As a secondary note, related to God's sovereign decree, which we also discussed, am I correct in saying that the same action can be a sin or not, depending on the intent? The Jews caused Jesus to be crucified in a sinful manner, because of their hatred for Him, whereas God caused Jesus to be crucified because of His love for His children. This person seems to disagree, saying that if God causes sin, albeit in a secondary manner, that means the sin is His intention. I can feel that he is wrong, but it is difficult for me to put it into words.
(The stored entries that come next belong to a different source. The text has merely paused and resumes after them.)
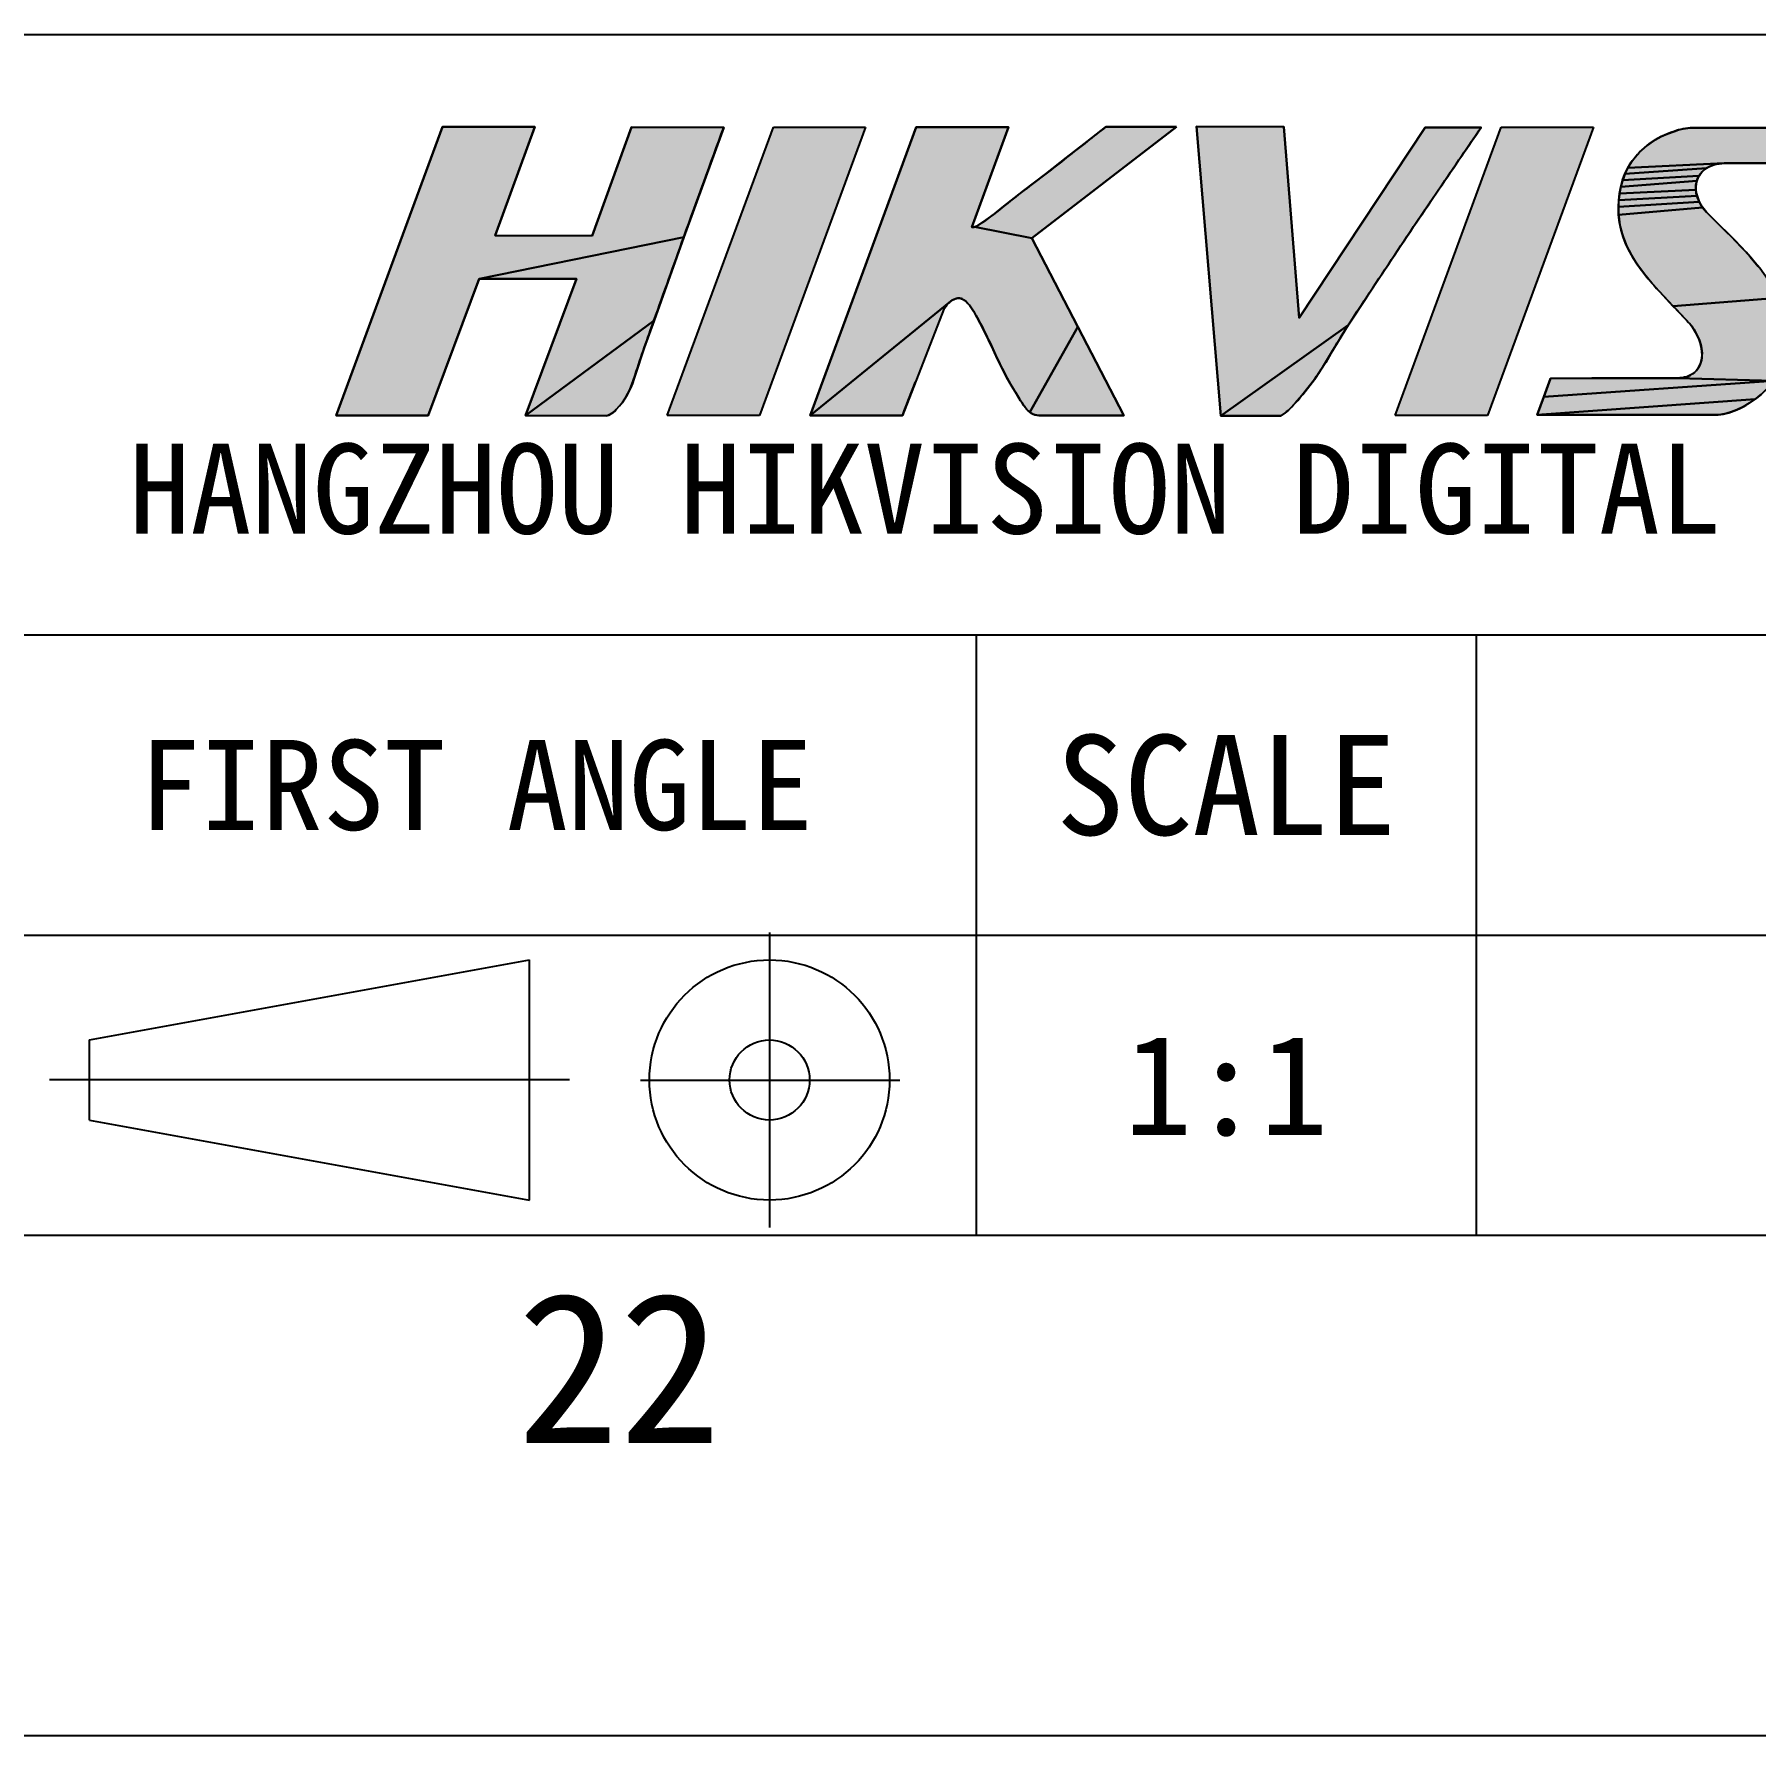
# Model space of a CAD drawing. Header units: millimetres. Extents: x 0 to 1189, y 0 to 841.
# Drawn here: x 1120.17 to 1154.59, y 0 to 34 of the extents above; entities that cross this region are included whole.
import ezdxf
from ezdxf.enums import TextEntityAlignment as Align

# ---------------------------------------------------------------- set-up
doc = ezdxf.new("R2010")
doc.units = ezdxf.units.MM
doc.header["$LTSCALE"] = 65.395
doc.linetypes.add('CENTER', pattern=[0.6, 0.375, -0.075, 0.075, -0.075])
doc.linetypes.add('PHANTOM', pattern=[0.8, 0.45, -0.05, 0.1, -0.05, 0.1, -0.05])
doc.layers.get('0').update_dxf_attribs({"linetype": 'CONTINUOUS'})
doc.layers.add('50_ALL_DETAILS', color=7, linetype='CONTINUOUS')
doc.layers.add('DEFAULT_1', color=7, linetype='CENTER')
doc.styles.get("Standard").update_dxf_attribs({"font": 'simfang.ttf'})
doc.styles.add('TEXTSTYLE_4', font='simfang.ttf')

# ---------------------------------------------------------------- blocks, each defined once
blk = doc.blocks.new('LOGO_BL0', base_point=(1148.77, 29.269))
for color, points in [(1, [(1131.323, 29.972), (1132.112, 32.146), (1133.954, 32.143), (1133.156, 29.949), (1129.061, 29.116), (1128.044, 26.385), (1126.202, 26.385), (1128.333, 32.152), (1130.176, 32.151), (1129.385, 29.981)]), (1, [(1138.929, 30.145), (1138.937, 30.145), (1138.946, 30.146), (1138.954, 30.147), (1138.962, 30.149), (1138.97, 30.152), (1140.117, 29.931), (1141.034, 28.158), (1140.072, 26.451), (1140.043, 26.476), (1140.016, 26.504), (1139.981, 26.546), (1139.949, 26.589), (1139.919, 26.634), (1139.89, 26.68), (1139.806, 26.818), (1139.721, 26.957), (1139.616, 27.138), (1139.519, 27.324), (1139.428, 27.513), (1139.339, 27.704), (1139.25, 27.894), (1139.14, 28.119), (1139.023, 28.341), (1138.974, 28.426), (1138.922, 28.508), (1138.864, 28.587), (1138.8, 28.66), (1138.783, 28.676), (1138.764, 28.691), (1138.743, 28.704), (1138.721, 28.714), (1138.699, 28.722), (1138.676, 28.727), (1138.655, 28.728), (1138.634, 28.727), (1138.613, 28.724), (1138.593, 28.719), (1138.573, 28.712), (1138.553, 28.703), (1138.522, 28.686), (1138.493, 28.666), (1135.682, 26.384), (1136.743, 29.265), (1137.804, 32.146), (1138.726, 32.146), (1139.649, 32.146), (1138.913, 30.147), (1138.921, 30.145)]), (1, [(1143.005, 32.152), (1141.561, 31.042), (1140.117, 29.931), (1138.97, 30.152), (1138.978, 30.154), (1138.986, 30.158), (1138.994, 30.161), (1139.007, 30.167), (1139.019, 30.173), (1139.031, 30.18), (1139.201, 30.292), (1139.364, 30.415), (1139.523, 30.543), (1139.957, 30.881), (1140.393, 31.215), (1140.808, 31.538), (1141.222, 31.862), (1141.591, 32.152), (1142.298, 32.152)]), (7, [(1146.804, 28.744), (1146.44, 28.187), (1143.896, 26.38), (1143.404, 32.162), (1145.152, 32.152), (1145.46, 28.337), (1147.976, 32.142), (1149.101, 32.142), (1148.711, 31.575), (1147.811, 30.252)]), (7, [(1153.231, 32.127), (1153.324, 32.132), (1156.532, 32.132), (1156.397, 31.779), (1156.263, 31.425), (1154.022, 31.425), (1153.96, 31.424), (1152.031, 31.333), (1152.1, 31.444), (1152.178, 31.549), (1152.266, 31.647), (1152.361, 31.736), (1152.464, 31.817), (1152.579, 31.893), (1152.7, 31.959), (1152.826, 32.016), (1152.956, 32.063), (1153.046, 32.091), (1153.138, 32.113)]), (7, [(1153.484, 31.216), (1153.453, 31.172), (1151.925, 31.085), (1151.972, 31.212), (1153.603, 31.325), (1153.56, 31.293), (1153.52, 31.257)]), (7, [(1153.657, 31.355), (1153.603, 31.325), (1151.972, 31.212), (1152.031, 31.333), (1153.96, 31.424), (1153.897, 31.419), (1153.835, 31.411), (1153.774, 31.398), (1153.714, 31.379)]), (7, [(1153.388, 30.957), (1153.39, 30.896), (1151.863, 30.821), (1151.889, 30.954), (1153.408, 31.076), (1153.394, 31.017)]), (7, [(1153.428, 31.125), (1153.408, 31.076), (1151.889, 30.954), (1151.925, 31.085), (1153.453, 31.172)]), (7, [(1153.434, 30.712), (1153.46, 30.654), (1151.842, 30.553), (1151.848, 30.687), (1153.414, 30.773)]), (7, [(1153.491, 30.597), (1153.525, 30.544), (1151.847, 30.397), (1151.842, 30.553), (1153.46, 30.654)]), (7, [(1153.399, 30.834), (1153.414, 30.773), (1151.848, 30.687), (1151.863, 30.821), (1153.39, 30.896)]), (7, [(1153.603, 30.449), (1153.779, 30.272), (1153.957, 30.096), (1154.135, 29.919), (1154.309, 29.739), (1154.478, 29.554), (1154.639, 29.364), (1154.789, 29.165), (1154.925, 28.957), (1155.045, 28.737), (1152.934, 28.572), (1152.664, 28.859), (1152.512, 29.03), (1152.366, 29.207), (1152.23, 29.391), (1152.145, 29.521), (1152.068, 29.655), (1152, 29.794), (1151.943, 29.938), (1151.898, 30.088), (1151.866, 30.241), (1151.847, 30.397), (1153.525, 30.544), (1153.563, 30.494)]), (1, [(1129.061, 29.116), (1133.156, 29.949), (1132.559, 28.282), (1129.99, 26.383), (1131.009, 29.114)]), (1, [(1138.355, 28.507), (1137.527, 26.384), (1136.605, 26.384), (1135.682, 26.384), (1138.493, 28.666), (1138.466, 28.644), (1138.44, 28.619), (1138.417, 28.593), (1138.394, 28.565), (1138.374, 28.536)]), (7, [(1155.112, 28.59), (1155.168, 28.439), (1155.211, 28.285), (1155.238, 28.127), (1155.247, 27.969), (1155.239, 27.829), (1155.218, 27.69), (1155.184, 27.552), (1155.138, 27.419), (1155.08, 27.29), (1155.017, 27.18), (1154.945, 27.075), (1153.029, 27.133), (1153.08, 27.135), (1153.132, 27.142), (1153.184, 27.153), (1153.234, 27.168), (1153.282, 27.189), (1153.326, 27.215), (1153.367, 27.246), (1153.404, 27.284), (1153.435, 27.327), (1153.462, 27.375), (1153.482, 27.425), (1153.498, 27.477), (1153.508, 27.531), (1153.514, 27.594), (1153.513, 27.658), (1153.506, 27.721), (1153.493, 27.784), (1153.476, 27.845), (1153.455, 27.905), (1153.417, 27.99), (1153.373, 28.07), (1153.323, 28.147), (1153.267, 28.22), (1153.206, 28.288), (1152.934, 28.572), (1155.045, 28.737)]), (1, [(1131.639, 26.385), (1131.601, 26.375), (1129.99, 26.383), (1132.559, 28.282), (1132.365, 27.739), (1132.183, 27.192), (1132.156, 27.109), (1132.126, 27.026), (1132.093, 26.945), (1132.056, 26.864), (1132.015, 26.786), (1131.97, 26.711), (1131.92, 26.638), (1131.865, 26.568), (1131.804, 26.502), (1131.774, 26.473), (1131.743, 26.446), (1131.71, 26.422), (1131.676, 26.401)]), (1, [(1140.072, 26.451), (1141.034, 28.158), (1141.952, 26.384), (1140.292, 26.384), (1140.252, 26.385), (1140.213, 26.39), (1140.174, 26.398), (1140.137, 26.411), (1140.103, 26.429)]), (7, [(1145.17, 26.433), (1145.091, 26.38), (1143.896, 26.38), (1146.44, 28.187), (1146.093, 27.62), (1145.989, 27.446), (1145.879, 27.274), (1145.763, 27.106), (1145.642, 26.943), (1145.513, 26.784), (1145.378, 26.63), (1145.312, 26.56), (1145.243, 26.493)]), (7, [(1154.687, 26.797), (1154.576, 26.709), (1150.217, 26.395), (1150.351, 26.759), (1154.945, 27.075), (1154.866, 26.976), (1154.779, 26.884)]), (7, [(1152.371, 27.131), (1153.029, 27.133), (1154.945, 27.075), (1150.351, 26.759), (1150.486, 27.122)]), (7, [(1153.891, 26.403), (1153.783, 26.395), (1150.217, 26.395), (1154.576, 26.709), (1154.459, 26.629), (1154.336, 26.558), (1154.208, 26.497), (1154.105, 26.456), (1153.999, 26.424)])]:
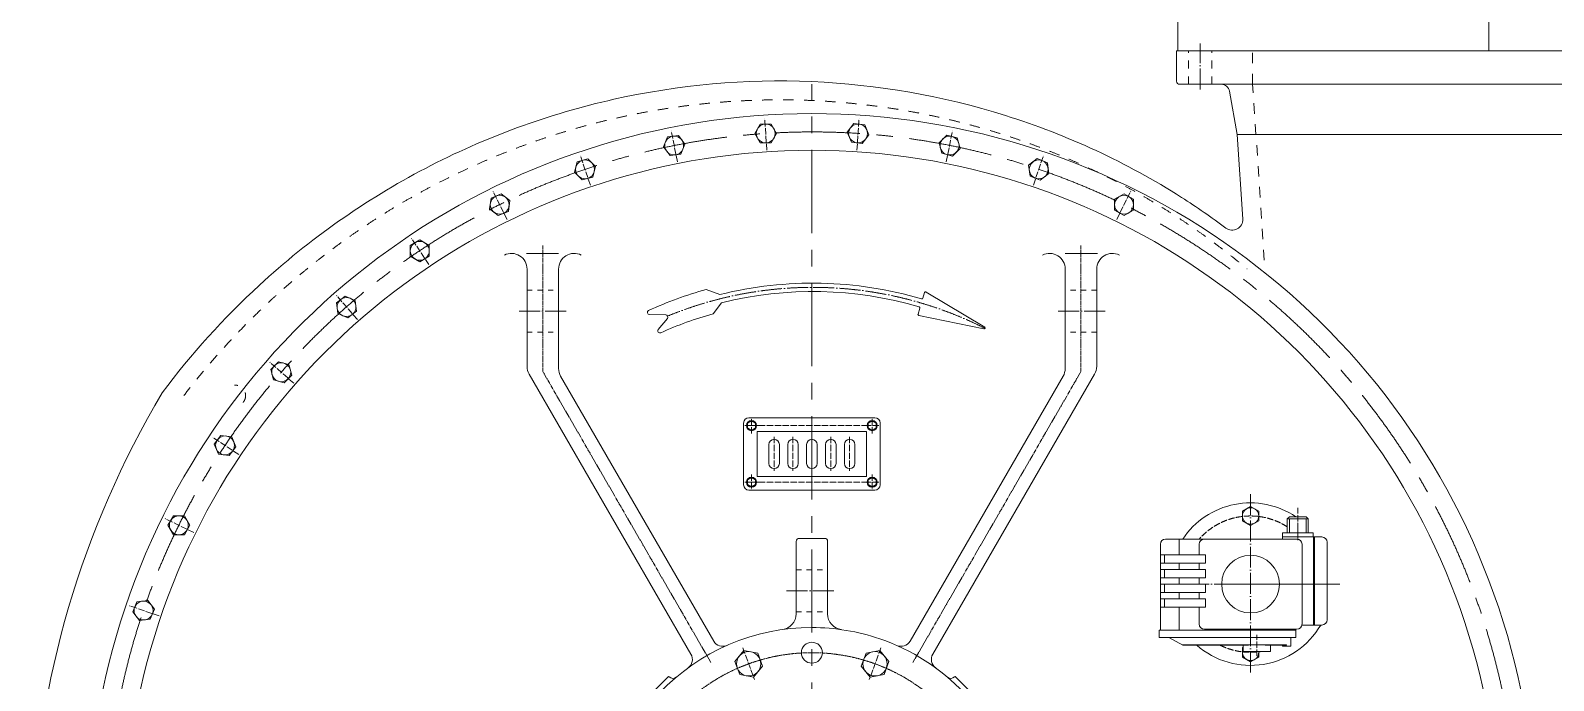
# Model space of a CAD drawing. Header units: millimetres. Extents: x 907 to 806139, y 2004 to 615514.
# Drawn here: x 155720 to 199955, y 468289 to 487184 of the extents above; entities that cross this region are included whole.
import ezdxf

# ---------------------------------------------------------------- set-up
doc = ezdxf.new("R2010")
doc.units = ezdxf.units.MM
doc.header["$LTSCALE"] = 25.4
for name, pattern in [('ACAD_ISO04W100', [30, 24, -3, 0, -3]), ('CENTER', [50.8, 31.75, -6.35, 6.35, -6.35]), ('CHAIN', [0.7087, 0.4724, -0.0591, 0.1181, -0.0591]), ('EB_DASH', [6, 3, -3]), ('EB_DASHDOT', [39, 30, -3, 3, -3])]:
    doc.linetypes.add(name, pattern=pattern)
doc.layers.add('CAXA1', color=5, linetype='CENTER', lineweight=5)

msp = doc.modelspace()

# ---------------------------------------------------------------- linework, layer by layer
at = {"color": 7, "lineweight": 5}
for p, q in [((189041.76, 486594.92), (189041.76, 487566.5)), ((189006.63, 486594.92), (207142.23, 486594.92)), ((189006.63, 485711), (189006.63, 486594.92)), ((189041.76, 486594.92), (207107.1, 486594.92)), ((189098.07, 485619.56), (207050.79, 485619.56)), ((190764.58, 484156.52), (190542.14, 485418.06)), ((176915.83, 484463.15), (176757.45, 484188.83)), ((176915.83, 484463.15), (177232.59, 484463.15)), ((177390.97, 484188.83), (177232.59, 484463.15)), ((179634.24, 484481.48), (179441.41, 484230.18)), ((179634.24, 484481.48), (179948.28, 484440.13)), ((180069.5, 484147.49), (179948.28, 484440.13)), ((174223.08, 484090.16), (174101.86, 483797.51)), ((174223.08, 484090.16), (174537.13, 484131.5)), ((174729.96, 483880.2), (174537.13, 484131.5)), ((176757.45, 484188.83), (176915.83, 483914.51)), ((177232.59, 483914.51), (177390.97, 484188.83)), ((179441.41, 484230.18), (179562.62, 483937.53)), ((179562.62, 483937.53), (179876.67, 483896.18)), ((179876.67, 483896.18), (180069.5, 484147.49)), ((182331.77, 484144.82), (182107.79, 483920.84)), ((182331.77, 484144.82), (182637.74, 484062.84)), ((182719.72, 483756.88), (182637.74, 484062.84)), ((190926.89, 481703.08), (190764.58, 484156.52)), ((190764.58, 484156.52), (205375.56, 484156.52)), ((174101.86, 483797.51), (174294.69, 483546.21)), ((174294.69, 483546.21), (174608.74, 483587.56)), ((174608.74, 483587.56), (174729.96, 483880.2)), ((176915.83, 483914.51), (177232.59, 483914.51)), ((182107.79, 483920.84), (182189.77, 483614.88)), ((182189.77, 483614.88), (182495.74, 483532.89)), ((182495.74, 483532.89), (182719.72, 483756.88)), ((171602.05, 483368.88), (171520.07, 483062.92)), ((171520.07, 483062.92), (171744.05, 482838.94)), ((171602.05, 483368.88), (171908.01, 483450.87)), ((172131.99, 483226.89), (171908.01, 483450.87)), ((172050.01, 482920.92), (172131.99, 483226.89)), ((184962.29, 483458.95), (184710.99, 483266.12)), ((184710.99, 483266.12), (184752.33, 482952.07)), ((184962.29, 483458.95), (185254.94, 483337.73)), ((185296.28, 483023.68), (185254.94, 483337.73)), ((171744.05, 482838.94), (172050.01, 482920.92)), ((184752.33, 482952.07), (185044.98, 482830.85)), ((185044.98, 482830.85), (185296.28, 483023.68)), ((169097.59, 482311.67), (169056.24, 481997.62)), ((169097.59, 482311.67), (169390.23, 482432.88)), ((169641.53, 482240.05), (169390.23, 482432.88)), ((169600.19, 481926.01), (169641.53, 482240.05)), ((187480.78, 482435.59), (187206.46, 482277.21)), ((187206.46, 482277.21), (187206.46, 481960.46)), ((187480.78, 482435.59), (187755.1, 482277.21)), ((187755.1, 481960.46), (187755.1, 482277.21)), ((169056.24, 481997.62), (169307.54, 481804.79)), ((169307.54, 481804.79), (169600.19, 481926.01)), ((187206.46, 481960.46), (187480.78, 481802.08)), ((187480.78, 481802.08), (187755.1, 481960.46)), ((166752.55, 480936.59), (167026.87, 481094.97)), ((166752.55, 480936.59), (166752.55, 480619.84)), ((167301.19, 480936.59), (167026.87, 481094.97)), ((167301.19, 480619.84), (167301.19, 480936.59)), ((166752.55, 480619.84), (167026.87, 480461.46)), ((167026.87, 480461.46), (167301.19, 480619.84)), ((170122.77, 480703.66), (171057.98, 480703.66)), ((186706.9, 480703.66), (185771.69, 480703.66)), ((170143.18, 477422.47), (170143.18, 480246.46)), ((171057.58, 477362.68), (171057.58, 480246.46)), ((185772.09, 477362.68), (185772.09, 480246.46)), ((186686.49, 477422.47), (186686.49, 480246.46)), ((175347.58, 479656.9), (175741.82, 479507.79)), ((181688.83, 479563.89), (181639.93, 479404.61)), ((183435.5, 478562.94), (181733.62, 479581.11)), ((164607.05, 479267.2), (164858.35, 479460.03)), ((164607.05, 479267.2), (164648.39, 478953.15)), ((165150.99, 479338.81), (164858.35, 479460.03)), ((165192.34, 479024.76), (165150.99, 479338.81)), ((175546.15, 478950.29), (175794.79, 479269.69)), ((181550.47, 479113.21), (181498.04, 478942.44)), ((164648.39, 478953.15), (164941.04, 478831.93)), ((164941.04, 478831.93), (165192.34, 479024.76)), ((173698.05, 478926.12), (174171.54, 478913.85)), ((173953.65, 478490.21), (174217.26, 478814.46)), ((183408.11, 478508.48), (181520.93, 478903.66)), ((162697.81, 477332.04), (162921.79, 477556.02)), ((162697.81, 477332.04), (162779.79, 477026.08)), ((163227.75, 477474.04), (162921.79, 477556.02)), ((163309.73, 477168.07), (163227.75, 477474.04)), ((162779.79, 477026.08), (163085.75, 476944.09)), ((163085.75, 476944.09), (163309.73, 477168.07)), ((174902.95, 469055.8), (170204.43, 477193.87)), ((175562.87, 469436.79), (171118.83, 477134.08)), ((181266.8, 469436.79), (185710.83, 477134.08)), ((181926.72, 469055.8), (186625.23, 477193.87)), ((176433.63, 473976.33), (176433.63, 475774.65)), ((176433.63, 473976.33), (176433.63, 475774.65)), ((176586.03, 475927.05), (180243.63, 475927.05)), ((176586.03, 475927.05), (180243.63, 475927.05)), ((176829.87, 474220.17), (176829.87, 475530.81)), ((176829.87, 475530.81), (179999.79, 475530.81)), ((179999.79, 474220.17), (179999.79, 475530.81)), ((180396.03, 473976.33), (180396.03, 475774.65)), ((180396.03, 473976.33), (180396.03, 475774.65)), ((161057.49, 475164.23), (161250.32, 475415.53)), ((161057.49, 475164.23), (161178.71, 474871.58)), ((161564.36, 475374.19), (161250.32, 475415.53)), ((161492.75, 474830.24), (161685.58, 475081.54)), ((161685.58, 475081.54), (161564.36, 475374.19)), ((177165.15, 474601.17), (177165.15, 475149.81)), ((177469.95, 474601.17), (177469.95, 475149.81)), ((177713.79, 474601.17), (177713.79, 475149.81)), ((178018.59, 474601.17), (178018.59, 475149.81)), ((178262.43, 474601.17), (178262.43, 475149.81)), ((178567.23, 474601.17), (178567.23, 475149.81)), ((178811.07, 474601.17), (178811.07, 475149.81)), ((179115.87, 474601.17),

Obviously, the two wills of God, as often discussed by Rev MacMahon and others, is not an easy topic to wrap one's head around, if it is even possible; I just want to know that I am on the right track in a theological sense.


----------



## Taylor (Dec 2, 2021)

This conversation with your Provisionist acquaintance will never go very far until you demand that all the terms be defined. What does "interact" mean? What does it mean to interact "personally"? And after that has been discussed, it then must be demonstrated why that is even important. Until that happens, the conversation is pointless, and may even be fundamentally heretical, depending on how this individual is using these terms for himself.

Reactions: Like 3


----------



## chuckd (Dec 2, 2021)

pgwolv said:


> My question is, does God interact on a personal level with the reprobate? It can be seen all over Scripture that He interacts with His children, as their Father, Prophet, Priest, King, etc, but what about the rest? Are they vessels meant for destruction, with no form of interaction from God, only the evidence of nature?


Acts 17:26-28 Even the heathen understand God as a father.


----------



## C. M. Sheffield (Dec 2, 2021)

pgwolv said:


> I was talking with a Provisionist


What is a "Provisionist"?


----------



## TheInquirer (Dec 2, 2021)

The person who is alienated from God because of sin is considered an enemy until they find reconciliation in Christ. Choosing to remain alienated from God and reject redemption is their choice. God is not the author of sin. I am not sure what kind of personal interaction one would want between God and an enemy. He still provides for their needs - the sinner breathes God's air, eats God's food, and lives in God's world. They are the beneficiaries of so much of God's common grace yet still hate and don't want Him (Romans 3:10-18). They have chosen to worship the creature rather than the Creator (Romans 1:18). They have no reason to expect any kind of personal relationship with him.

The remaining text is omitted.